● **Task details**
Go through the lines below and copy each one that holds the string "distance".

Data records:
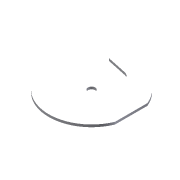
# Autodesk Inventor part: OpenROV 2_3_2 Dev EndCap 108
Saved by Autodesk Inventor 2012 (Build 160160000, 160)
## iProperties
Created: 2011-09-29
Part Number: OpenROV 2_3_2 Dev EndCap 108
Document SubType Name: Modeling
Designer: user
Density: 1 g/cm^3
Material: Default
Author: user
Autodesk Inventor part; units mm, degrees
ref_plane "YZ Plane" through (0, 0, 0) normal (1, 0, 0) x (0, 1, 0)
ref_plane "XZ Plane" through (0, 0, 0) normal (0, 1, 0) x (-1, 0, 0)
ref_plane "XY Plane" through (0, 0, 0) normal (0, 0, 1) x (1, 0, 0)
sketch "Sketch1" plane through (0, 0, 0) normal (0, 0, 1) x (1, 0, 0)
  circle A0 centre (0, 0) radius 4.59
  arc A1 (-2.0962, 20.2222) -> (2.0962, 39.7778) centre (0, 30) ccw
  line L0 (2.0962, 39.7778) -> (-22.6062, 45.0736)
  line L1 (-2.0962, 20.2222) -> (-43.8842, 29.1807)
  line L2 (50, -20) -> (50, 20)
  arc A2 (-46.0074, 28.2723) -> (49.8462, -20.7692) centre (0, 0) ccw
  arc A3 (49.8462, 20.7692) -> (-23.0403, 48.8379) centre (0, 0) ccw
  arc A4 (-43.8842, 29.1807) -> (-46.0074, 28.2723) centre (-44.3034, 27.2252) ccw
  arc A5 (-23.0403, 48.8379) -> (-22.6062, 45.0736) centre (-22.187, 47.0291) ccw
  arc A6 (50, 20) -> (49.8462, 20.7692) centre (48, 20) ccw
  arc A7 (49.8462, -20.7692) -> (50, -20) centre (48, -20) ccw
  point P0 (-27.9313, 46.2152)
  point P1 (-45.2476, 29.473)
  point P2 (50, -20.3961)
  point P3 (50, 20.3961)
  dimension "d1" = 9.18
  dimension "d4" = 20
  dimension "d5" = 30
  dimension "d12" = 50
  dimension "d13" = 2
  dimension "d14" = 54
  dimension "d15" = 54
  dimension "d16" = 20
  dimension "d19" = 77.9
  dimension "d20" = 50
  constraints: 19 point on circle, 9 tangent, 8 centre point, 6 end point, 5 point on line, 3 equal radius, 2 coincident, 1 parallel, 1 vertical
  measures "d1" diameter of A0
  measures "d4" diameter of A1
  measures "d5" distance of A0.centre A1.centre
  measures "d12" distance from line of point (0, 0) L2
  measures "d13" radius of A4
  measures "d14" radius of A2
  measures "d15" radius of A3
  measures "d16" distance between parallel lines of L0 L1
  measures "d19" angle of L0 L2
  measures "d20" distance from line of A1.centre L2
extrude "Extrusion3" add sketch "Sketch1" along normal blind 3
body "Solid3"

● **Result of this exercise**
  measures "d5" distance of A0.centre A1.centre
  measures "d12" distance from line of point (0, 0) L2
  measures "d16" distance between parallel lines of L0 L1
  measures "d20" distance from line of A1.centre L2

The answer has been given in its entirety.